European Convention on Human Rights: 75th Anniversary Debate
Full Debate: Read Full DebateBaroness Chakrabarti
Main Page: Baroness Chakrabarti (Labour - Life peer)Department Debates - View all Baroness Chakrabarti's debates with the Foreign, Commonwealth & Development Office
(2 days ago)
Lords ChamberMy Lords, I declare interests as the author of the Penguin Allen Lane book Human Rights: The Case for the Defence, as a new member of our delegation to the Parliamentary Assembly of the Council of Europe and as a lifelong human rights lawyer and campaigner. I congratulate the noble Lord, Lord Alton, on his well-deserved appointment as chair of the Joint Committee on Human Rights and on that outstanding opening of his debate marking the 75th Anniversary of the convention which protects the civil rights of around 700 million people in 46 states.
I have been working with the convention on an almost daily basis for around 30 of those years, both for and against UK Governments domestically and in the Strasbourg court that has rendered it perhaps the most effective international human rights mechanism in the world. Most formatively, I was a government lawyer in the late 1990s during the passage and implementation of our Human Rights Act and at Liberty, the National Council for Civil Liberties, from 2001 until 2016.

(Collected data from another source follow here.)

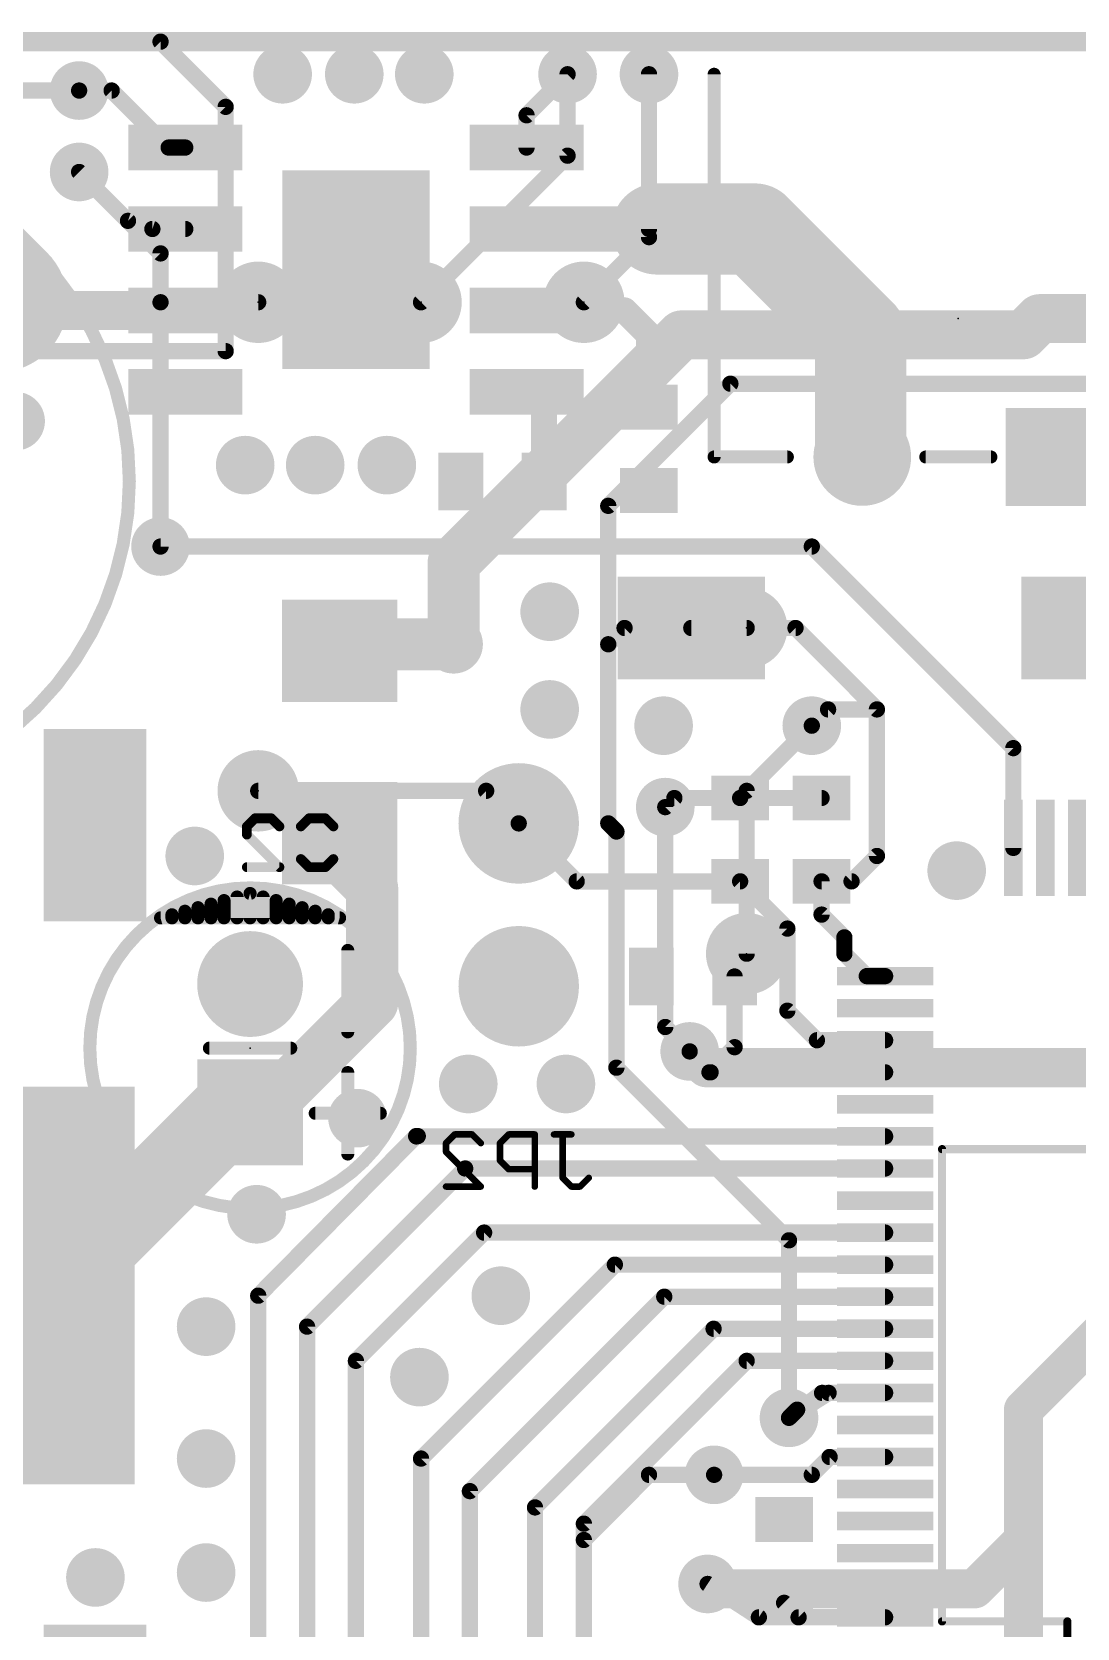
# Model space of a CAD drawing. Extents: x 0 to 54.4, y 0.4 to 50.9.
# Drawn here: x 14.76 to 31.06, y 25.55 to 50.44 of the extents above; entities that cross this region are included whole.
import ezdxf

# ---------------------------------------------------------------- set-up
doc = ezdxf.new("R2010")
doc.units = 0
for name, color, linetype in [('1', 22, 'CONTINUOUS'), ('16', 175, 'CONTINUOUS'), ('17', 82, 'CONTINUOUS'), ('18', 82, 'CONTINUOUS'), ('22', 253, 'CONTINUOUS'), ('24', 7, 'CONTINUOUS'), ('26', 253, 'CONTINUOUS')]:
    doc.layers.add(name, color=color, linetype=linetype)

# ---------------------------------------------------------------- blocks, each defined once
blk = doc.blocks.new('SQUAREP')
blk.add_solid([(-0.5, -0.5), (0.5, -0.5), (-0.5, 0.5), (0.5, 0.5)])
blk = doc.blocks.new('ROUNDP')
at = {"const_width": 0.5}
blk.add_lwpolyline([(0, -0.25, 1), (0, 0.25, 1), (0, -0.25)], format="xyb", dxfattribs=at)
blk = doc.blocks.new('RECT')
blk.add_solid([(-0.5, -0.5), (0.5, -0.5), (-0.5, 0.5), (0.5, 0.5)])
blk = doc.blocks.new('PIE')
at = {"const_width": 0.5}
blk.add_lwpolyline([(0, -0.25, 1), (0, 0.25, 1), (0, -0.25)], format="xyb", dxfattribs=at)
blk = doc.blocks.new('ROUNDV')
at = {"const_width": 0.5}
blk.add_lwpolyline([(0, -0.25, 1), (0, 0.25, 1), (0, -0.25)], format="xyb", dxfattribs=at)

msp = doc.modelspace()

# ---------------------------------------------------------------- linework, layer by layer
at = {"layer": '1'}
for points, const_width in [([(54.102, 50.292), (0.508, 50.292)], 0.254), ([(5.334, 50.292), (16.764, 50.292)], 0.254), ([(16.764, 50.292), (17.78, 49.276)], 0.254), ([(22.4742, 49.1442), (23.114, 49.784)], 0.254), ([(24.384, 49.784), (24.384, 47.371)], 0.254), ([(11.938, 48.514), (14.224, 46.228)], 2.1844), ([(16.002, 49.53), (15.494, 49.53)], 0.254), ([(16.891, 48.641), (16.002, 49.53)], 0.254), ([(17.78, 49.276), (17.78, 45.466)], 0.254), ([(22.4742, 48.641), (22.4742, 49.1442)], 0.254), ([(17.1498, 48.641), (16.891, 48.641)], 0.254), ([(16.256, 47.498), (15.494, 48.26)], 0.254), ([(26.035, 47.371), (24.511, 47.371)], 1.4224), ([(26.035, 47.371), (27.686, 45.72)], 1.4224), ([(16.637, 47.371), (16.256, 47.498)], 0.254), ([(22.4742, 47.371), (24.384, 47.371)], 0.7112), ([(24.384, 47.371), (24.511, 47.371)], 0.7112), ([(17.1498, 47.371), (16.637, 47.371)], 0.254), ([(17.1498, 46.101), (14.351, 46.101)], 0.6096), ([(22.4742, 46.101), (24.003, 46.101)], 0.4064), ([(24.003, 46.101), (24.384, 45.72)], 0.4064), ([(27.686, 45.72), (27.686, 43.8404)], 1.4224), ([(24.384, 45.72), (24.384, 44.592)], 0.4064), ([(17.78, 45.466), (11.938, 45.466)], 0.254), ([(22.748, 44.8112), (22.4742, 44.831)], 0.4064), ([(22.748, 43.434), (22.748, 44.8112)], 0.4064), ([(27.686, 43.8404), (27.7114, 43.815)], 1.4224), ([(26.924, 42.418), (16.764, 42.418)], 0.254), ([(30.068, 39.274), (26.924, 42.418)], 0.254), ([(19.66, 40.894), (19.558, 40.792)], 0.8128), ([(21.336, 40.894), (19.66, 40.894)], 0.8128), ([(26.67, 41.148), (25.044, 41.148)], 0.254), ([(27.94, 39.878), (26.67, 41.148)], 0.254), ([(27.178, 39.878), (26.924, 39.624)], 0.254), ([(27.94, 39.878), (27.178, 39.878)], 0.254), ([(27.94, 37.592), (27.94, 39.878)], 0.254), ([(30.068, 37.718), (30.068, 39.274)], 0.254), ([(24.78, 38.496), (24.638, 38.354)], 0.254), ([(25.8064, 38.496), (24.78, 38.496)], 0.254), ([(27.0764, 38.496), (25.8064, 38.496)], 0.254), ([(19.558, 37.948), (19.558, 37.592)], 0.8128), ([(23.256, 37.196), (22.352, 38.1)], 0.254), ([(19.558, 37.592), (20.066, 37.084)], 0.8128), ([(27.544, 37.196), (27.94, 37.592)], 0.254), ([(20.066, 37.084), (20.066, 35.306)], 0.8128), ([(25.8064, 37.196), (23.256, 37.196)], 0.254), ([(26.543, 36.4594), (25.8064, 37.196)], 0.254), ([(27.0764, 37.196), (27.0764, 36.6776)], 0.254), ([(27.0764, 37.196), (27.544, 37.196)], 0.254), ([(27.0764, 36.6776), (27.432, 36.322)], 0.254), ([(26.543, 35.179), (26.543, 36.4594)], 0.254), ([(27.432, 36.068), (27.432, 36.322)], 0.254), ([(27.782, 35.718), (27.432, 36.068)], 0.254), ([(18.3548, 33.5948), (20.066, 35.306)], 0.8128), ([(25.7198, 35.7124), (25.7198, 34.6098)], 0.254), ([(28.068, 35.718), (27.782, 35.718)], 0.254), ([(27.004, 34.718), (26.543, 35.179)], 0.254), ([(25.345, 34.218), (25.019, 34.544)], 0.254), ([(25.7198, 34.6098), (25.328, 34.218)], 0.254), ([(28.068, 34.718), (27.004, 34.718)], 0.254), ([(17.8468, 33.5948), (15.494, 31.242)], 1.27), ([(18.161, 33.5948), (17.8468, 33.5948)], 1.27), ([(25.345, 34.218), (25.328, 34.218)], 0.254), ([(28.068, 34.218), (25.345, 34.218)], 0.254), ([(18.161, 33.5948), (18.3548, 33.5948)], 0.8128), ([(18.288, 30.734), (20.7518, 33.2232)], 0.254), ([(20.757, 33.218), (20.7518, 33.2232)], 0.254), ([(20.7518, 33.2232), (20.7772, 33.2232)], 0.254), ([(28.068, 33.218), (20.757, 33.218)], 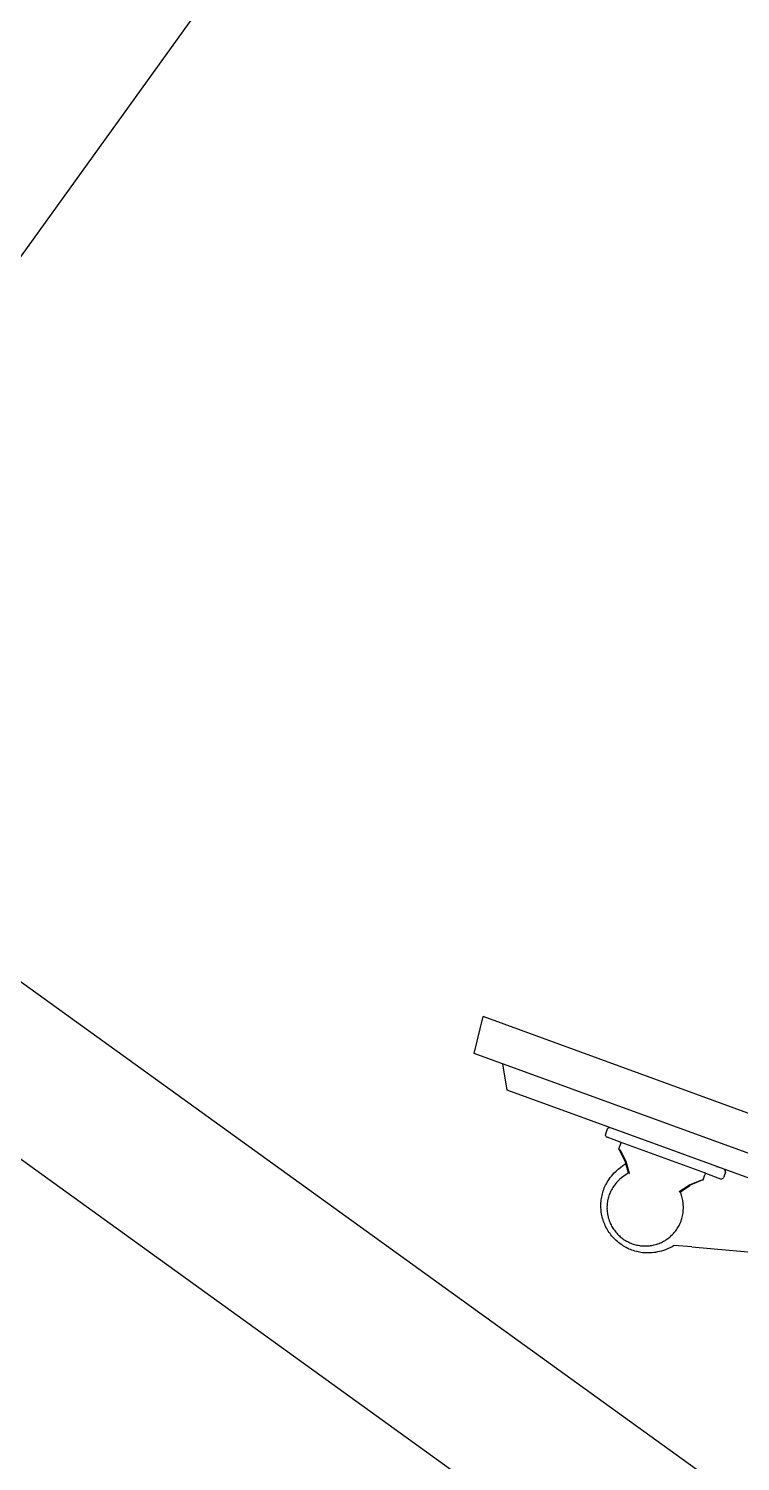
# Model space of a CAD drawing. Header units: metres. Extents: x 141303 to 146299, y 125960 to 127091.
# Drawn here: x 144685.909 to 144686.899, y 126056.341 to 126058.332 of the extents above; entities that cross this region are included whole.
import ezdxf

# ---------------------------------------------------------------- set-up
doc = ezdxf.new("R2010")
doc.units = ezdxf.units.M
doc.header["$MEASUREMENT"] = 0
doc.layers.add('Edges', color=7, linetype='Continuous')
doc.layers.add('FURNITURE', color=6, linetype='Continuous')
doc.layers.add('NVMI_WALL', color=7, linetype='Continuous', lineweight=30)

# ---------------------------------------------------------------- blocks, each defined once
blk = doc.blocks.new('Mobile C-Arm X-Ray Machine pl')
at = {"layer": 'Edges'}
for p, q in [((2.6841, 3.4004), (2.7253, 3.4168)), ((2.8128, 3.0899), (2.7253, 3.4168)), ((2.8011, 2.9636), (2.6841, 3.4004)), ((2.6712, 3.3443), (2.6933, 3.366)), ((2.7692, 2.9786), (2.6712, 3.3443)), ((2.6928, 3.2178), (2.6929, 3.2186)), ((2.6928, 3.2178), (2.6929, 3.2171)), ((2.6932, 3.2193), (2.6929, 3.2186)), ((2.6974, 3.2), (2.6929, 3.2171)), ((2.6936, 3.22), (2.6932, 3.2193)), ((2.6936, 3.22), (2.6943, 3.2204)), ((2.695, 3.2207), (2.6943, 3.2204)), ((2.7008, 3.2223), (2.695, 3.2207)), ((2.7008, 3.2223), (2.7015, 3.2224)), ((2.7015, 3.2224), (2.7023, 3.2223)), ((2.7023, 3.2223), (2.703, 3.222)), ((2.703, 3.222), (2.7037, 3.2215)), ((2.7037, 3.2215), (2.7041, 3.2209)), ((2.7041, 3.2209), (2.7044, 3.2202)), ((2.6894, 3.1978), (2.682, 3.1834)), ((2.6825, 3.1825), (2.6896, 3.1963)), ((2.6894, 3.1978), (2.6974, 3.2)), ((2.6894, 3.1978), (2.6894, 3.1978)), ((2.7245, 3.0989), (2.6974, 3.2)), ((2.6734, 3.1712), (2.6825, 3.1825)), ((2.6734, 3.1727), (2.6804, 3.1815)), ((2.6804, 3.1815), (2.6818, 3.1831)), ((2.682, 3.1834), (2.6818, 3.1831)), ((2.6733, 3.1726), (2.6734, 3.1727)), ((2.6733, 3.1724), (2.6733, 3.1726)), ((2.6733, 3.1721), (2.6733, 3.1724)), ((2.6733, 3.1718), (2.6733, 3.1721)), ((2.6733, 3.1716), (2.6733, 3.1718)), ((2.6733, 3.1716), (2.6733, 3.1715)), ((2.6733, 3.1715), (2.6733, 3.1715)), ((2.6733, 3.1715), (2.6734, 3.1713)), ((2.6734, 3.1727), (2.6734, 3.1727)), ((2.6734, 3.1712), (2.6734, 3.1713)), ((2.6893, 3.1117), (2.6893, 3.1118)), ((2.6893, 3.1118), (2.7029, 3.1065)), ((2.6894, 3.1115), (2.6893, 3.1117)), ((2.6894, 3.1114), (2.6894, 3.1115)), ((2.6894, 3.1114), (2.6894, 3.1114)), ((2.6894, 3.1114), (2.6895, 3.1112)), ((2.6895, 3.1112), (2.6897, 3.1109)), ((2.6897, 3.1109), (2.6898, 3.1107)), ((2.6898, 3.1107), (2.6899, 3.1105)), ((2.6899, 3.1105), (2.6901, 3.1105)), ((2.6901, 3.1105), (2.6901, 3.1105)), ((2.6901, 3.1105), (2.7025, 3.1056)), ((2.7029, 3.1055), (2.7025, 3.1056)), ((2.7029, 3.1065), (2.7159, 3.0981)), ((2.7164, 3.0968), (2.7029, 3.1055)), ((2.7164, 3.0968), (2.7165, 3.0967)), ((2.7165, 3.0967), (2.7226, 3.0984)), ((2.7245, 3.0989), (2.7226, 3.0984)), ((2.7245, 3.0989), (2.7245, 3.0989)), ((2.7245, 3.0989), (2.7293, 3.0809)), ((2.6449, 3.0626), (2.6346, 3.0804)), ((2.6346, 3.0804), (2.6346, 3.0804)), ((2.6346, 3.0804), (2.6346, 3.0804)), ((2.7293, 3.0809), (2.7296, 3.0802)), ((2.7296, 3.0802), (2.7301, 3.0796)), ((2.7301, 3.0796), (2.7307, 3.0791)), ((2.7307, 3.0791), (2.7314, 3.0788)), ((2.7357, 3.0795), (2.733, 3.0788)), ((2.7388, 3.0804), (2.7357, 3.0795)), ((2.7385, 3.0929), (2.7389, 3.0916)), ((2.7388, 3.0804), (2.7395, 3.0807)), ((2.7392, 3.0903), (2.7393, 3.0899)), ((2.7393, 3.0899), (2.7392, 3.0899)), ((2.7393, 3.0899), (2.7396, 3.0891)), ((2.7395, 3.0807), (2.7401, 3.0811)), ((2.7407, 3.0848), (2.7399, 3.088)), ((2.7401, 3.0811), (2.7406, 3.0818)), ((2.7403, 3.0829), (2.741, 3.0829)), ((2.7409, 3.0825), (2.7406, 3.0818)), ((2.7408, 3.0844), (2.7409, 3.084)), ((2.741, 3.0833), (2.7409, 3.084)), ((2.7409, 3.0825), (2.741, 3.0829)), ((2.741, 3.0829), (2.741, 3.0833)), ((2.741, 3.0829), (2.7412, 3.0829)), ((2.6449, 3.0626), (2.6888, 2.9865)), ((2.7314, 3.0788), (2.7322, 3.0787)), ((2.7322, 3.0787), (2.733, 3.0788))]:
    blk.add_line(p, q, dxfattribs=at)
for points in [[(2.6346, 3.0804), (2.6319, 3.0816), (2.6293, 3.083), (2.6269, 3.0844), (2.6247, 3.0858), (2.6225, 3.0874), (2.6206, 3.0889), (2.6187, 3.0905), (2.617, 3.0921), (2.6154, 3.0936), (2.614, 3.0951), (2.6126, 3.0966), (2.6114, 3.0982), (2.6103, 3.0997), (2.6092, 3.1012), (2.6082, 3.1027), (2.6073, 3.1043), (2.6064, 3.1058), (2.6056, 3.1075), (2.6048, 3.1091), (2.6041, 3.1107), (2.6034, 3.1124), (2.6028, 3.1141), (2.6022, 3.1159), (2.6017, 3.1176), (2.6013, 3.1193), (2.6009, 3.1211), (2.6006, 3.1229), (2.6003, 3.1247), (2.6001, 3.1265), (2.6, 3.1283), (2.5999, 3.1301), (2.5998, 3.1319), (2.5999, 3.1337), (2.6, 3.1355), (2.6001, 3.1373), (2.6003, 3.1391), (2.6006, 3.1409), (2.6009, 3.1427), (2.6013, 3.1445), (2.6017, 3.1462), (2.6022, 3.148), (2.6028, 3.1497), (2.6034, 3.1514), (2.6041, 3.1531), (2.6048, 3.1547), (2.6056, 3.1564), (2.6064, 3.158), (2.6073, 3.1596), (2.6082, 3.1611), (2.6092, 3.1626), (2.6102, 3.1641), (2.6113, 3.1656), (2.6124, 3.167), (2.6136, 3.1684), (2.6148, 3.1697), (2.616, 3.171), (2.6173, 3.1723), (2.6187, 3.1735), (2.6201, 3.1747), (2.6215, 3.1758), (2.6229, 3.1769), (2.6244, 3.1779), (2.6259, 3.1789), (2.6275, 3.1798), (2.6291, 3.1807), (2.6307, 3.1815), (2.6323, 3.1823), (2.634, 3.183), (2.6357, 3.1837), (2.6374, 3.1843), (2.6391, 3.1848), (2.6408, 3.1853), (2.6426, 3.1858), (2.6444, 3.1861), (2.6462, 3.1865), (2.6481, 3.1867), (2.65, 3.1869), (2.652, 3.187), (2.6542, 3.1871), (2.6564, 3.1871), (2.6587, 3.1869), (2.6611, 3.1867), (2.6638, 3.1864), (2.6666, 3.1859), (2.6697, 3.1852), (2.673, 3.1842), (2.6765, 3.183), (2.6804, 3.1815)], [(2.6734, 3.1727), (2.6697, 3.1742), (2.6663, 3.1754), (2.6634, 3.1763), (2.6607, 3.1769), (2.6583, 3.1774), (2.6561, 3.1777), (2.6541, 3.1779), (2.6522, 3.178), (2.6504, 3.178), (2.6487, 3.178), (2.6471, 3.1779), (2.6455, 3.1777), (2.644, 3.1775), (2.6425, 3.1773), (2.641, 3.1769), (2.6396, 3.1766), (2.6382, 3.1762), (2.6368, 3.1757), (2.6354, 3.1752), (2.6341, 3.1747), (2.6327, 3.1741), (2.6314, 3.1735), (2.6301, 3.1728), (2.6288, 3.1721), (2.6276, 3.1714), (2.6264, 3.1706), (2.6252, 3.1697), (2.624, 3.1689), (2.6228, 3.168), (2.6217, 3.167), (2.6206, 3.166), (2.6196, 3.165), (2.6186, 3.164), (2.6176, 3.1629), (2.6166, 3.1618), (2.6157, 3.1606), (2.6149, 3.1594), (2.614, 3.1582), (2.6132, 3.157), (2.6125, 3.1558), (2.6118, 3.1545), (2.6111, 3.1532), (2.6105, 3.1519), (2.6099, 3.1505), (2.6094, 3.1492), (2.6089, 3.1478), (2.6084, 3.1464), (2.608, 3.145), (2.6077, 3.1436), (2.6073, 3.1421), (2.6071, 3.1407), (2.6069, 3.1392), (2.6067, 3.1378), (2.6066, 3.1363), (2.6065, 3.1349), (2.6065, 3.1334), (2.6065, 3.1319), (2.6066, 3.1305), (2.6067, 3.129), (2.6069, 3.1276), (2.6071, 3.1261), (2.6073, 3.1247), (2.6077, 3.1233), (2.608, 3.1218), (2.6084, 3.1204), (2.6089, 3.119), (2.6094, 3.1177), (2.6099, 3.1163), (2.6105, 3.115), (2.6111, 3.1136), (2.6118, 3.1123), (2.6125, 3.1111), (2.6132, 3.1098), (2.614, 3.1086), (2.6149, 3.1074), (2.6157, 3.1062), (2.6166, 3.105), (2.6176, 3.1039), (2.6186, 3.1028), (2.6196, 3.1018), (2.6206, 3.1008), (2.6217, 3.0998), (2.6228, 3.0988), (2.624, 3.0979), (2.6252, 3.0971), (2.6264, 3.0962), (2.6276, 3.0954), (2.6288, 3.0947), (2.6301, 3.094), (2.6314, 3.0933), (2.6327, 3.0927), (2.6341, 3.0921), (2.6354, 3.0916), (2.6368, 3.0911), (2.6382, 3.0906), (2.6396, 3.0902), (2.641, 3.0899), (2.6425, 3.0896), (2.6439, 3.0893), (2.6454, 3.0891), (2.6468, 3.0889), (2.6483, 3.0888), (2.6497, 3.0887), (2.6512, 3.0887), (2.6527, 3.0887), (2.6541, 3.0888), (2.6556, 3.0889), (2.657, 3.0891), (2.6585, 3.0893), (2.6599, 3.0896), (2.6613, 3.0899), (2.6628, 3.0902), (2.6642, 3.0906), (2.6656, 3.0911), (2.667, 3.0916), (2.6684, 3.0922), (2.6698, 3.0928), (2.6713, 3.0936), (2.6728, 3.0944), (2.6743, 3.0953), (2.6759, 3.0963), (2.6776, 3.0975), (2.6793, 3.0988), (2.6812, 3.1004), (2.6832, 3.1024), (2.6853, 3.1046), (2.6876, 3.1073), (2.6901, 3.1105)]]:
    blk.add_lwpolyline(points, dxfattribs=at)

msp = doc.modelspace()

# ---------------------------------------------------------------- linework, layer by layer
at = {"layer": 'NVMI_WALL'}
for p, q in [((144685.41989, 126057.35185), (144688.63585, 126061.81365)), ((144689.47607, 126054.42825), (144685.41989, 126057.35185)), ((144689.35912, 126054.26601), (144685.30295, 126057.1896))]:
    msp.add_line(p, q, dxfattribs=at)

# ---------------------------------------------------------------- block references
at = {"layer": 'FURNITURE', "xscale": 1.190213132251739, "yscale": 1.190213132251739, "zscale": 1.190213132251739, "rotation": 54.9676855275574}
msp.add_blockref('Mobile C-Arm X-Ray Machine pl', (144688.00909, 126051.96879), dxfattribs=at)

doc.saveas('drawing.dxf')

We have been eloquently reminded of the history of why Conservative politician, jurist and Nuremberg prosecutor David Maxwell Fyfe was deputed to lead the convention drafting process after the Council of Europe was founded by the Treaty of London in 1949. If there was ever any doubt about the direct relationship between justice and peace, the 1930s had ended it. This was especially so in Europe, where two, too proximate world wars had begun. It could be no surprise that those seeking to rebuild the lands of Milton, Molière, Mozart and Michelangelo should have made co-operating around human rights enforcement a priority. If we have sometimes been a little complacent in the intervening years, surely that is over now, as war and far-rightism once more stalk Europe, and respect for the rule of law is far from secure, even in that great old constitutional democracy across the Atlantic.
In any event, I can report, first hand, the many ways in which the convention has come to the aid of people in the United Kingdom where both their common law and legislators had previously failed them. Before Strasbourg’s intervention, victims of rape were subjected to days of degrading cross-examination in person by their alleged assailants, contrary to Article 3. Similarly, abusive parents who beat their children to a pulp could be acquitted of the grave offence of causing grievous bodily harm by deploying the defence of reasonable chastisement of a child. Indeed, I would go as far as suggesting that victims of crime may be among those who have most benefited from the convention’s effect upon our domestic law, before and since the Human Rights Act 1998 brought rights home to be directly enforceable here.
There are numerous examples too of the UK’s privacy, free speech, non-discrimination and other vital rights and freedoms being ensured and enhanced by the convention. It would be far from liberal or progressive, and certainly deeply unconservative, not to treasure it.